I resolved my issue. I'm not going to say I 100% understand the underlying interactions that were causing the error to be thrown up, but from my understanding, it seems like Dynamoose during cold start code would try to make a connection to a DynamoDB instance, and our middy implementation was attempting to capture that request and pull the trace id. Like you said, this would cause an issue due to the env var not being there during cold starts.

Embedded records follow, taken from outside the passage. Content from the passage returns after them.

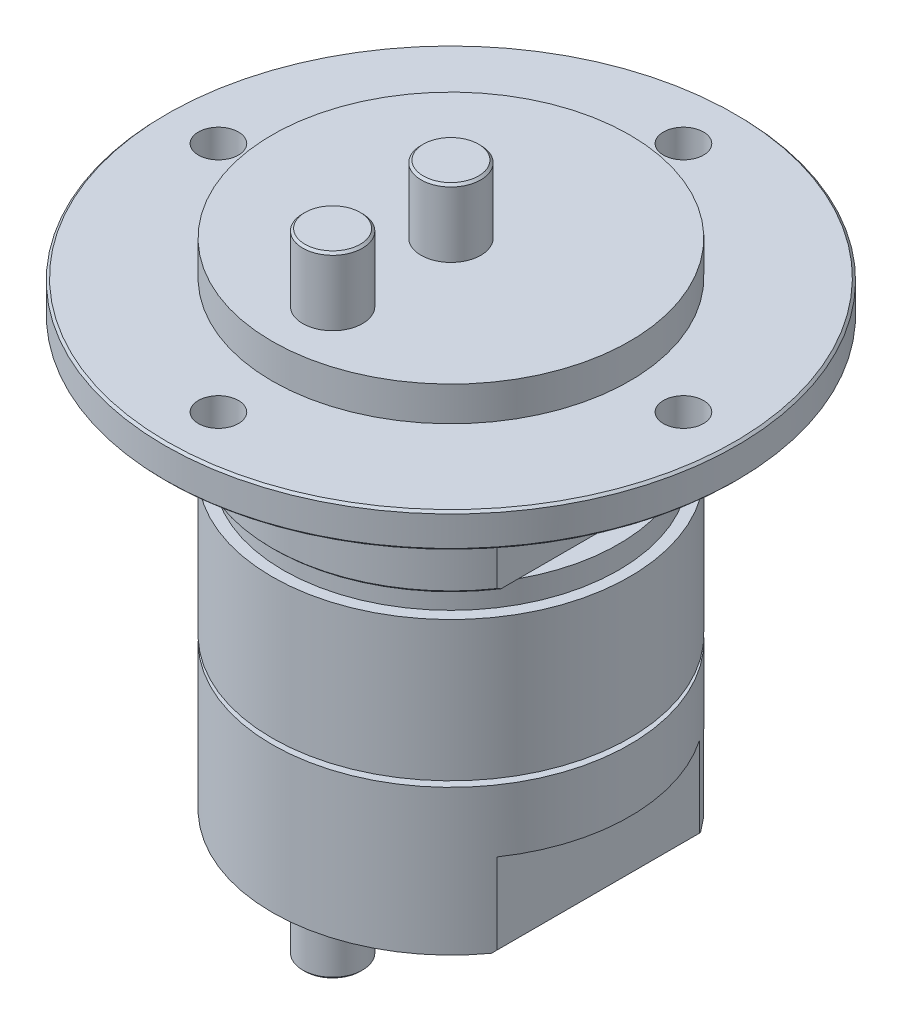
SolidWorks part; units mm, degrees
ref_plane "Front Plane" through (0, 0, 0) normal (0, 0, 1) x (1, 0, 0)
ref_plane "Top Plane" through (0, 0, 0) normal (0, 1, 0) x (1, 0, 0)
ref_plane "Right Plane" through (0, 0, 0) normal (1, 0, 0) x (0, 0, -1)
sketch "Sketch1" plane through (0, 0, 0) normal (0, 0, 1) x (1, 0, 0)
  line L0 (0, 50.7193) -> (0, -66.2106) construction
  line L1 (0, 3.05) -> (-15.875, 3.05)
  line L2 (-15.875, 3.05) -> (-15.875, 0)
  line L3 (-15.875, 0) -> (-25.4, 0)
  line L4 (-25.4, 0) -> (-25.4, -3.05)
  line L5 (-25.4, -3.05) -> (-15.875, -3.05)
  line L6 (-15.875, -3.05) -> (-15.875, -13.05)
  line L7 (-15.875, -13.05) -> (-14.875, -13.05)
  line L8 (-14.875, -13.05) -> (-14.875, -15.05)
  line L9 (-14.875, -15.05) -> (-15.875, -15.05)
  line L10 (-15.875, -15.05) -> (-15.875, -27.45)
  line L11 (-15.875, -27.45) -> (-14.875, -27.45)
  line L12 (-14.875, -27.45) -> (-14.875, -27.95)
  line L13 (-14.875, -27.95) -> (-15.875, -27.95)
  line L14 (-15.875, -27.95) -> (-15.875, -40.85)
  line L15 (-15.875, -40.85) -> (0, -40.85)
  line L16 (0, 3.05) -> (0, -40.85)
  dimension "D1" = 15.875
  dimension "D2" = 25.4
  dimension "D3" = 3.05
  dimension "D4" = 3.05
  dimension "D5" = 43.9
  dimension "D6" = 12.9
  dimension "D7" = 0.5
  dimension "D8" = 10
  dimension "D9" = 2
  dimension "D10" = 1
revolve "Revolve1" add sketch "Sketch1" angle 360 about L0
sketch "Sketch2" plane through (0, 3.05, 0) normal (0, 1, 0) x (1, 0, 0)
  circle A0 centre (0, 0) radius 2.65
  circle A1 centre (0, -10.5) radius 2.65
  dimension "D1" = 5.3
  dimension "D2" = 10.5
extrude "Boss-Extrude1" add sketch "Sketch2" along normal blind 6 and the other way blind 49.9
sketch "Sketch3" plane through (0, 0, 0) normal (0, 1, 0) x (1, 0, 0)
  circle A0 centre (0, 0) radius 20.64 construction
  circle A1 centre (0, 20.64) radius 1.78
  circle A2 centre (-20.64, 0) radius 1.78
  circle A3 centre (0, -20.64) radius 1.78
  circle A4 centre (20.64, 0) radius 1.78
  dimension "D1" = 41.28
  dimension "D2" = 3.56
extrude "Cut-Extrude1" cut sketch "Sketch3" against normal blind 6
sketch "Sketch4" plane through (0, 0, 0) normal (0, 0, 1) x (1, 0, 0)
  line L1 (-18.7918, -13.05) -> (-13.08, -13.05)
  line L2 (-18.7918, -13.05) -> (-18.7918, -5.65)
  line L3 (-18.7918, -5.65) -> (-13.08, -5.65)
  line L4 (-13.08, -13.05) -> (-13.08, -5.65)
  line L5 (-18.7918, -40.885) -> (-13.08, -40.885)
  line L6 (-18.7918, -40.885) -> (-18.7918, -33.485)
  line L7 (-18.7918, -33.485) -> (-13.08, -33.485)
  line L8 (-13.08, -40.885) -> (-13.08, -33.485)
  dimension "D1" = 7.4
  dimension "D2" = 7.4
  dimension "D3" = 13.08
extrude "Cut-Extrude2" cut sketch "Sketch4" against normal through all and the other way through all
mirror "Mirror1" about plane through (0, 0, 0) normal (1, 0, 0) of "Cut-Extrude2"
chamfer "Chamfer1" distance 0.2 angle 45 10 edges at (13.08, -40.85, 0) (-13.08, -40.85, 0) (0, -46.85, 13.15) (0, -46.85, 2.65) (0, 9.05, 13.15) (0, 9.05, 2.65) (0, -3.05, 25.4) (0, 0, 25.4) (0, -13.05, -15.875) (0, -13.05, 15.875)
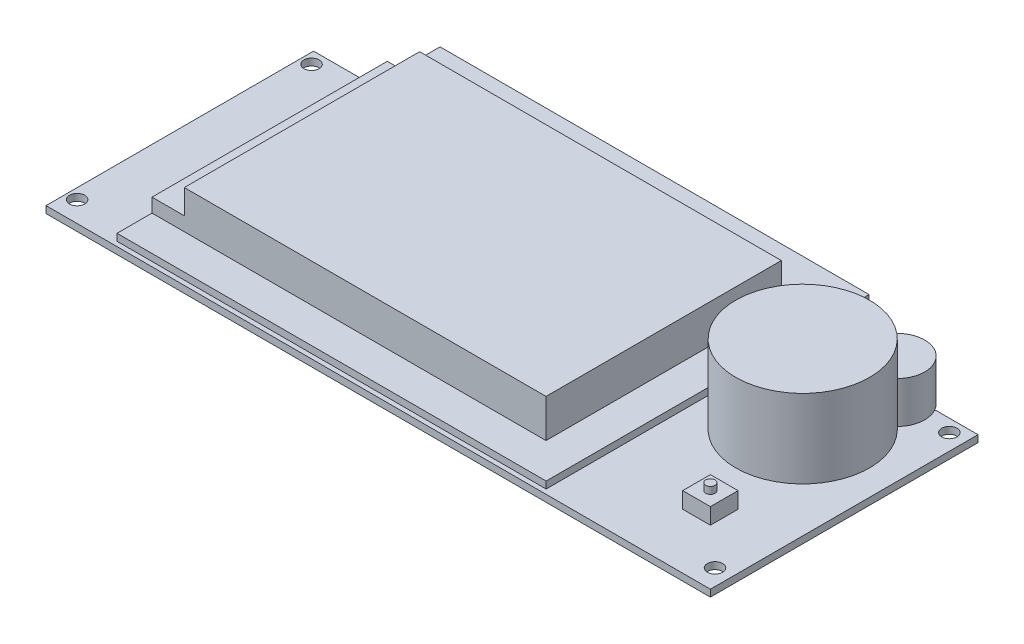
SolidWorks part; units mm, degrees
ref_plane "Front Plane" through (0, 0, 0) normal (0, 0, 1) x (1, 0, 0)
ref_plane "Top Plane" through (0, 0, 0) normal (0, 1, 0) x (1, 0, 0)
ref_plane "Right Plane" through (0, 0, 0) normal (1, 0, 0) x (0, 0, -1)
sketch "Sketch1" plane through (0, 0, 0) normal (0, 1, 0) x (1, 0, 0)
  line L1 (-72, -29) -> (72, -29)
  line L2 (-72, -29) -> (-72, 29)
  line L3 (-72, 29) -> (72, 29)
  line L4 (72, -29) -> (72, 29)
  line L5 (-72, -29) -> (72, 29) construction
  line L6 (-72, 29) -> (72, -29) construction
  point P0 (0, 0)
  dimension "D1" = 144
  dimension "D2" = 58
extrude "Boss-Extrude2" add sketch "Sketch1" along normal blind 1.5
sketch "Sketch2" plane through (0, 1.5, 0) normal (0, 1, 0) x (1, 0, 0)
  line L0 (-57.6, -28) -> (35.4, -28)
  line L1 (35.4, -28) -> (35.4, 42)
  line L2 (-72, -29) -> (72, -29) construction
  line L3 (-72, 29) -> (-72, -29) construction
  line L4 (35.4, 42) -> (-57.6, 42)
  line L5 (-57.6, 42) -> (-57.6, -28)
  dimension "D1" = 1
  dimension "D2" = 14.4
  dimension "D3" = 93
  dimension "D4" = 70
extrude "Boss-Extrude3" add sketch "Sketch2" along normal blind 1.5
sketch "Sketch3" plane through (0, 3, 0) normal (0, 1, 0) x (1, 0, 0)
  line L0 (-50.6, -20.4239) -> (27.8, -20.4239)
  line L1 (27.8, -20.4239) -> (27.8, 30.5761)
  line L2 (-57.6, 42) -> (-57.6, -28) construction
  line L3 (27.8, 30.5761) -> (-50.6, 30.5761)
  line L4 (-50.6, 30.5761) -> (-50.6, -20.4239)
  dimension "D1" = 7
  dimension "D2" = 78.4
  dimension "D3" = 51
extrude "Boss-Extrude4" add sketch "Sketch3" along normal blind 8.3
sketch "Sketch4" plane through (0, 3, 0) normal (0, 1, 0) x (1, 0, 0)
  line L0 (-50.6, 30.5761) -> (-57.6, 30.5761)
  line L1 (-57.6, 42) -> (-57.6, -28) construction
  line L2 (-57.6, 30.5761) -> (-57.6, -20.4239)
  line L3 (-57.6, 29) -> (-57.6, -28) construction
  line L4 (-57.6, -20.4239) -> (-50.6, -20.4239)
  line L5 (-50.6, -20.4239) -> (-50.6, 30.5761)
extrude "Boss-Extrude5" add sketch "Sketch4" along normal blind 3
sketch "Sketch5" plane through (0, 1.5, 0) normal (0, 1, 0) x (1, 0, 0)
  line L0 (72, 29) -> (35.4, 29) construction
  line L1 (52, 10) -> (66, 10) construction
  line L2 (52, 10) -> (52, -2) construction
  line L3 (52, -2) -> (66, -2) construction
  line L4 (66, 10) -> (66, -2) construction
  line L5 (52, 10) -> (66, -2) construction
  line L6 (52, -2) -> (66, 10) construction
  line L7 (72, -29) -> (72, 29) construction
  circle A0 centre (59, 4) radius 3.5
  point P0 (59, 4)
  dimension "D5" = 7
  dimension "D1" = 31
  dimension "D2" = 12
  dimension "D3" = 14
  dimension "D4" = 6
extrude "Boss-Extrude6" add sketch "Sketch5" along normal blind 7
sketch "Sketch6" plane through (0, 8.5, 0) normal (0, 1, 0) x (1, 0, 0)
  circle A0 centre (59, 4) radius 14.5
  dimension "D1" = 29
extrude "Boss-Extrude7" add sketch "Sketch6" along normal blind 17
sketch "Sketch8" plane through (0, 1.5, 0) normal (0, 1, 0) x (1, 0, 0)
  line L0 (72, -29) -> (72, 29) construction
  line L1 (72, 29) -> (35.4, 29) construction
  circle A0 centre (57.45, 26) radius 6
  dimension "D1" = 12
  dimension "D2" = 14.55
  dimension "D3" = 3
extrude "Boss-Extrude8" add sketch "Sketch8" along normal blind 9
sketch "Sketch9" plane through (0, 1.5, 0) normal (0, 1, 0) x (1, 0, 0)
  line L0 (72, -29) -> (72, 29) construction
  line L1 (54, -11) -> (60, -11)
  line L2 (54, -11) -> (54, -17)
  line L3 (54, -17) -> (60, -17)
  line L4 (60, -11) -> (60, -17)
  line L5 (54, -11) -> (60, -17) construction
  line L6 (54, -17) -> (60, -11) construction
  line L7 (-72, -29) -> (72, -29) construction
  point P0 (57, -14)
  point P5 (54, -14)
  dimension "D1" = 6
  dimension "D2" = 6
  dimension "D3" = 18
  dimension "D4" = 18
extrude "Boss-Extrude9" add sketch "Sketch9" along normal blind 3.5
sketch "Sketch10" plane through (0, 5, 0) normal (0, 1, 0) x (1, 0, 0)
  circle A0 centre (57, -14) radius 1.0169
extrude "Boss-Extrude10" add sketch "Sketch10" along normal blind 1.5
sketch "Sketch11" plane through (0, 0, 0) normal (0, -1, 0) x (1, 0, 0)
  line L0 (72, -29) -> (-72, -29) construction
  line L1 (-4, -6.5) -> (16, -6.5)
  line L2 (-4, -6.5) -> (-4, 2.5)
  line L3 (-4, 2.5) -> (16, 2.5)
  line L4 (16, -6.5) -> (16, 2.5)
  line L5 (-4, -6.5) -> (16, 2.5) construction
  line L6 (-4, 2.5) -> (16, -6.5) construction
  line L7 (72, 29) -> (72, -29) construction
  line L8 (-72, -29) -> (-72, 29) construction
  line L9 (-25.8, -6.5) -> (-5.8, -6.5)
  line L10 (-25.8, -6.5) -> (-25.8, 2.5)
  line L11 (-25.8, 2.5) -> (-5.8, 2.5)
  line L12 (-5.8, -6.5) -> (-5.8, 2.5)
  line L13 (-25.8, -6.5) -> (-5.8, 2.5) construction
  line L14 (-25.8, 2.5) -> (-5.8, -6.5) construction
  point P0 (6, -2)
  point P9 (-15.8, -2)
  dimension "D1" = 9
  dimension "D2" = 20
  dimension "D3" = 31.5
  dimension "D4" = 76
  dimension "D5" = 9
  dimension "D6" = 20
  dimension "D7" = 66.2
  dimension "D8" = 22.5
extrude "Boss-Extrude11" add sketch "Sketch11" along normal blind 9
sketch "Sketch12" plane through (0, 0, 0) normal (0, 1, 0) x (1, 0, 0)
  line L0 (72, -29) -> (72, 29) construction
  line L1 (72, 29) -> (62.6462, 29) construction
  line L2 (-72, -29) -> (72, -29) construction
  line L3 (-72, 29) -> (-72, -29) construction
  line L4 (-57.6, 29) -> (-72, 29) construction
  circle A0 centre (68.5, 26.3) radius 1.65
  circle A1 centre (68.5, -24.5) radius 1.65
  circle A2 centre (-69.75, 26.3) radius 1.65
  circle A3 centre (-69.75, -24.5) radius 1.65
  dimension "D1" = 3.3
  dimension "D6" = 3.3
  dimension "D8" = 3.3
  dimension "D12" = 3.3
  dimension "D2" = 3.5
  dimension "D3" = 2.7
  dimension "D4" = 3.5
  dimension "D5" = 4.5
  dimension "D7" = 2.25
  dimension "D9" = 2.7
  dimension "D10" = 4.5
  dimension "D11" = 2.25
extrude "Cut-Extrude2" cut sketch "Sketch12" along normal blind 10
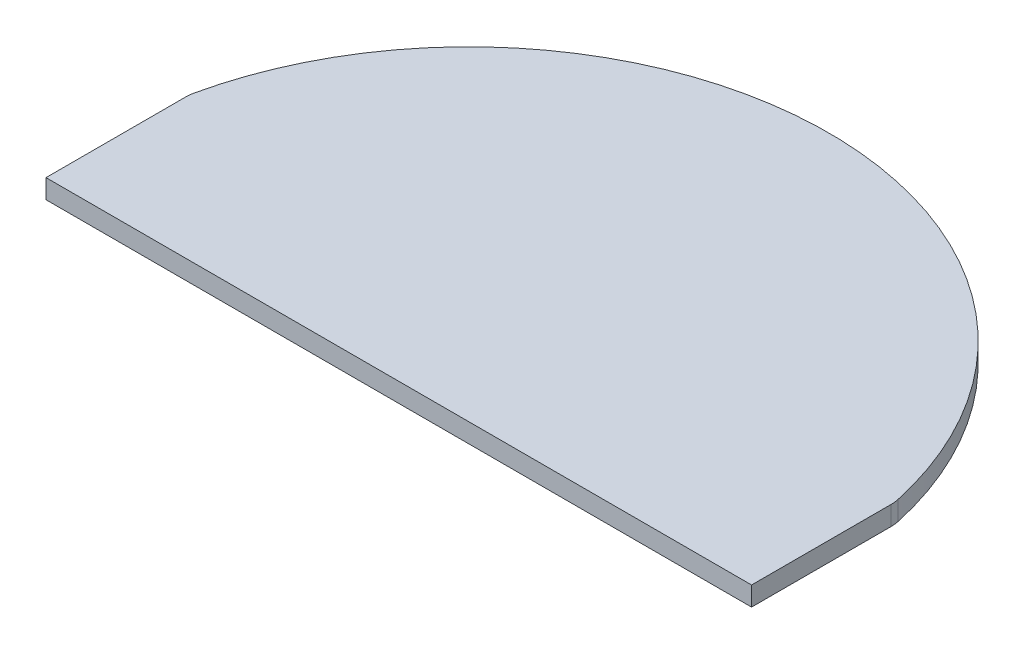
SolidWorks part; units mm, degrees
ref_plane "Front Plane" through (0, 0, 0) normal (0, 0, 1) x (1, 0, 0)
ref_plane "Top Plane" through (0, 0, 0) normal (0, 1, 0) x (1, 0, 0)
ref_plane "Right Plane" through (0, 0, 0) normal (1, 0, 0) x (0, 0, -1)
sketch "Sketch1" plane through (0, 0, 0) normal (0, 1, 0) x (1, 0, 0)
  line L0 (0, 0) -> (250, 0)
  line L1 (0, 0) -> (0, 50.8)
  line L2 (250, 0) -> (250, 50.8)
  line L3 (0, 50.8) -> (0, 152.4) construction
  line L4 (0, 152.4) -> (311.8083, 152.4) construction
  arc A0 (0, 50.8) -> (250, 50.8) centre (125, 24.7053) cw
  dimension "D1" = 250
  dimension "D2" = 50.8
  dimension "D3" = 101.6
extrude "Boss-Extrude1" add sketch "Sketch1" along normal blind 6.8
fillet "Fillet1" radius 12.7 2 edges at (250, 3.4, -50.8) (0, 3.4, -50.8)
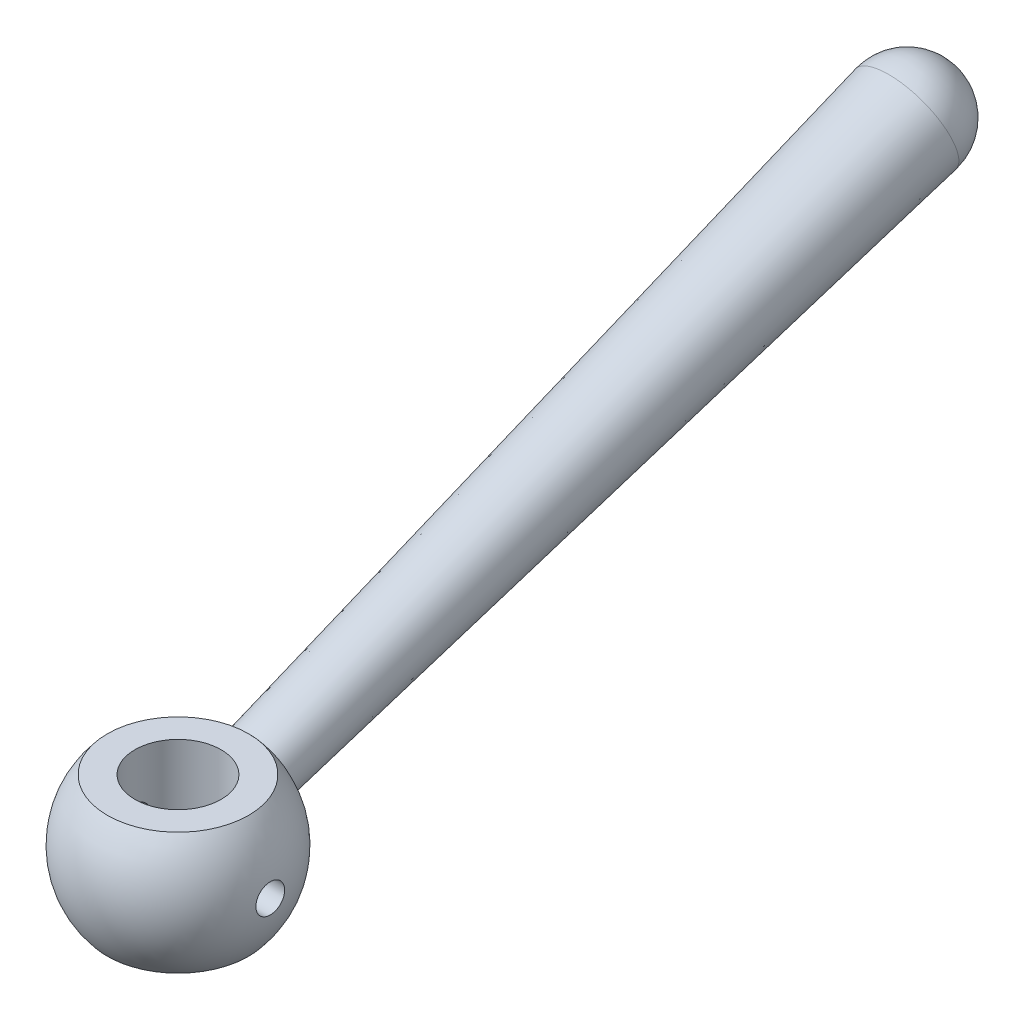
SolidWorks part; units mm, degrees
ref_plane "前视基准面" through (0, 0, 0) normal (0, 0, 1) x (1, 0, 0)
ref_plane "上视基准面" through (0, 0, 0) normal (0, 1, 0) x (1, 0, 0)
ref_plane "右视基准面" through (0, 0, 0) normal (1, 0, 0) x (0, 0, -1)
sketch "草图1" plane through (0, 0, 0) normal (1, 0, 0) x (0, 0, -1)
  line L0 (0, 13) -> (0, -13)
  line L1 (0, -13) -> (0, -30.5168) construction
  arc A0 (0, -13) -> (0, 13) centre (0, 0) ccw
  dimension "D1" = 26
revolve "旋转1" add sketch "草图1" angle 360 about L1
sketch "草图2" plane through (0, 0, 0) normal (1, 0, 0) x (0, 0, -1)
  line L1 (-13, -8.5) -> (13, -8.5)
  line L2 (-13, -8.5) -> (-13, 8.5)
  line L3 (-13, 8.5) -> (13, 8.5)
  line L4 (13, -8.5) -> (13, 8.5)
  line L5 (-13, -8.5) -> (13, 8.5) construction
  line L6 (-13, 8.5) -> (13, -8.5) construction
  circle A1 centre (0, 0) radius 13 construction
  point P0 (0, 0)
  dimension "D1" = 17
extrude "切除-拉伸1" cut sketch "草图2" against normal through all both and the other way through all flip side to cut
sketch "草图3" plane through (0, 8.5, 0) normal (0, 1, 0) x (1, 0, 0)
  circle A0 centre (0, 0) radius 6
  dimension "D1" = 12
extrude "切除-拉伸2" cut sketch "草图3" against normal through all both and the other way through all
sketch "草图4" plane through (0, 0, 0) normal (1, 0, 0) x (0, 0, -1)
  circle A0 centre (0, 0) radius 2
  dimension "D1" = 4
extrude "切除-拉伸3" cut sketch "草图4" against normal through all both and the other way through all
sketch "草图5" plane through (0, 0, 0) normal (1, 0, 0) x (0, 0, -1)
  line L0 (11.4629, 4.1722) -> (101.4868, 36.9382) construction
  line L1 (11.4629, 4.1722) -> (5.969, 2.1726) construction
  line L2 (9.926, 8.3949) -> (98.9213, 43.4511)
  line L4 (9.926, 8.3949) -> (11.4629, 4.1722)
  line L5 (11.4629, 4.1722) -> (108.0647, 39.3323)
  arc A0 (13, 0) -> (9.8362, 8.5) centre (0, 0) ccw construction
  arc A1 (108.0647, 39.3323) -> (98.9213, 43.4511) centre (101.4868, 36.9382) ccw
  point P11 (12.216, 4.4463)
  point P12 (11.4629, 4.1722)
  dimension "D4" = 14
  dimension "D3" = 95
revolve "旋转2" add sketch "草图5" angle 360 about L1
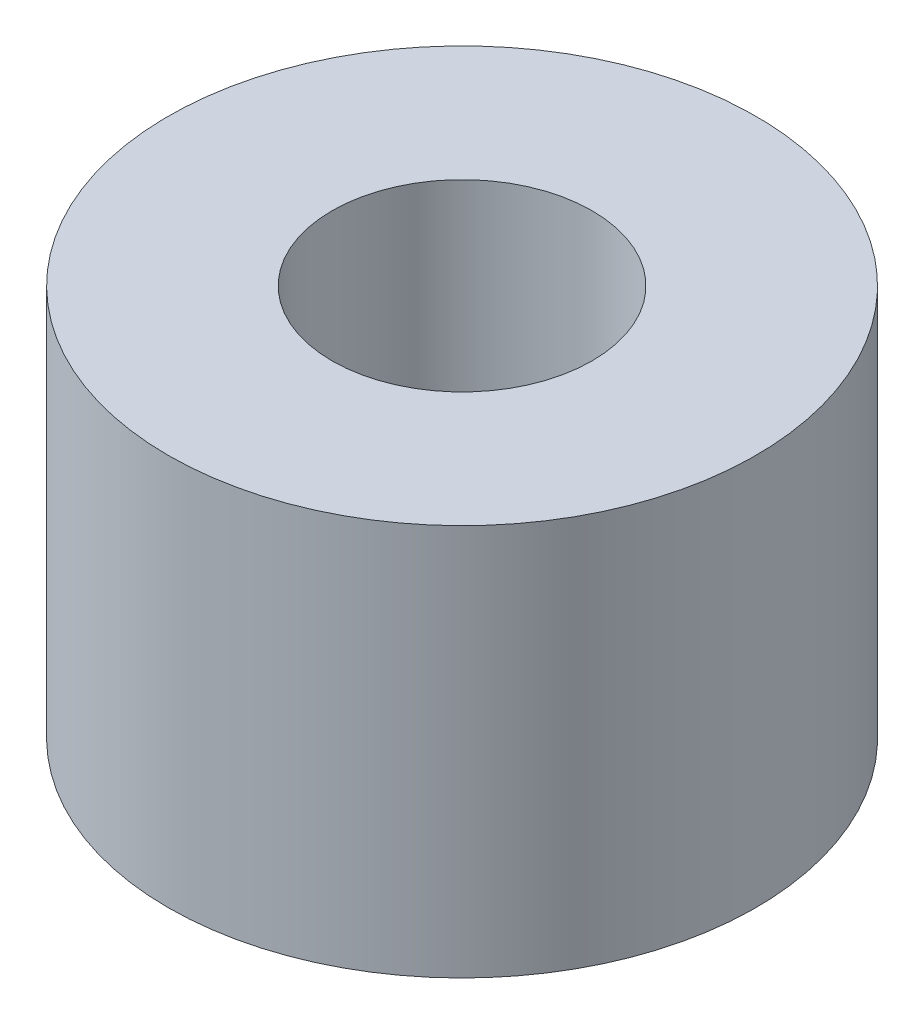
SolidWorks part; units mm, degrees
ref_plane "Front Plane" through (0, 0, 0) normal (0, 0, 1) x (1, 0, 0)
ref_plane "Top Plane" through (0, 0, 0) normal (0, 1, 0) x (1, 0, 0)
ref_plane "Right Plane" through (0, 0, 0) normal (1, 0, 0) x (0, 0, -1)
sketch "Sketch1" plane through (0, 0, 0) normal (0, 1, 0) x (1, 0, 0)
  circle A0 centre (0, 0) radius 2.1082
  circle A1 centre (0, 0) radius 4.7625
  dimension "D1" = 9.525
  dimension "D2" = 4.2164
extrude "Boss-Extrude1" add sketch "Sketch1" along normal blind 6.35

The issue was resolved when I declared our middy code as an external module in the bundling
prop of the node JS lambda construct. I was originally modifying esbuild to declare our middy code as external, which, to me at least, does the same thing, but it seems like there's something happening under the hood when you declare an external module in the aws-cdk construct as opposed to the actual esbuild node module that was resolved when declaring the module in the construct itself. Can't say more without having a more holistic understanding of the underlying code though
After updating to the 'nodejs10.x' runtime environment, I am now seeing this error message at the start of the cloudwatch logs:
We are using,
AWSXRay.captureHTTPsGlobal(require('http'));
to capture all http requests and this is the source of the error. It is also capturing all calls to 127.0.0.1 as part of the runtime event loop.A fix was to move the captureHTTPsGlobal command inside of the lambda function function handler. Before, it was running from the global module level. We are still getting x-ray results for calls to localhost for the lambda runtime environment. Is there a way to ignore requests to 127.0.0.1?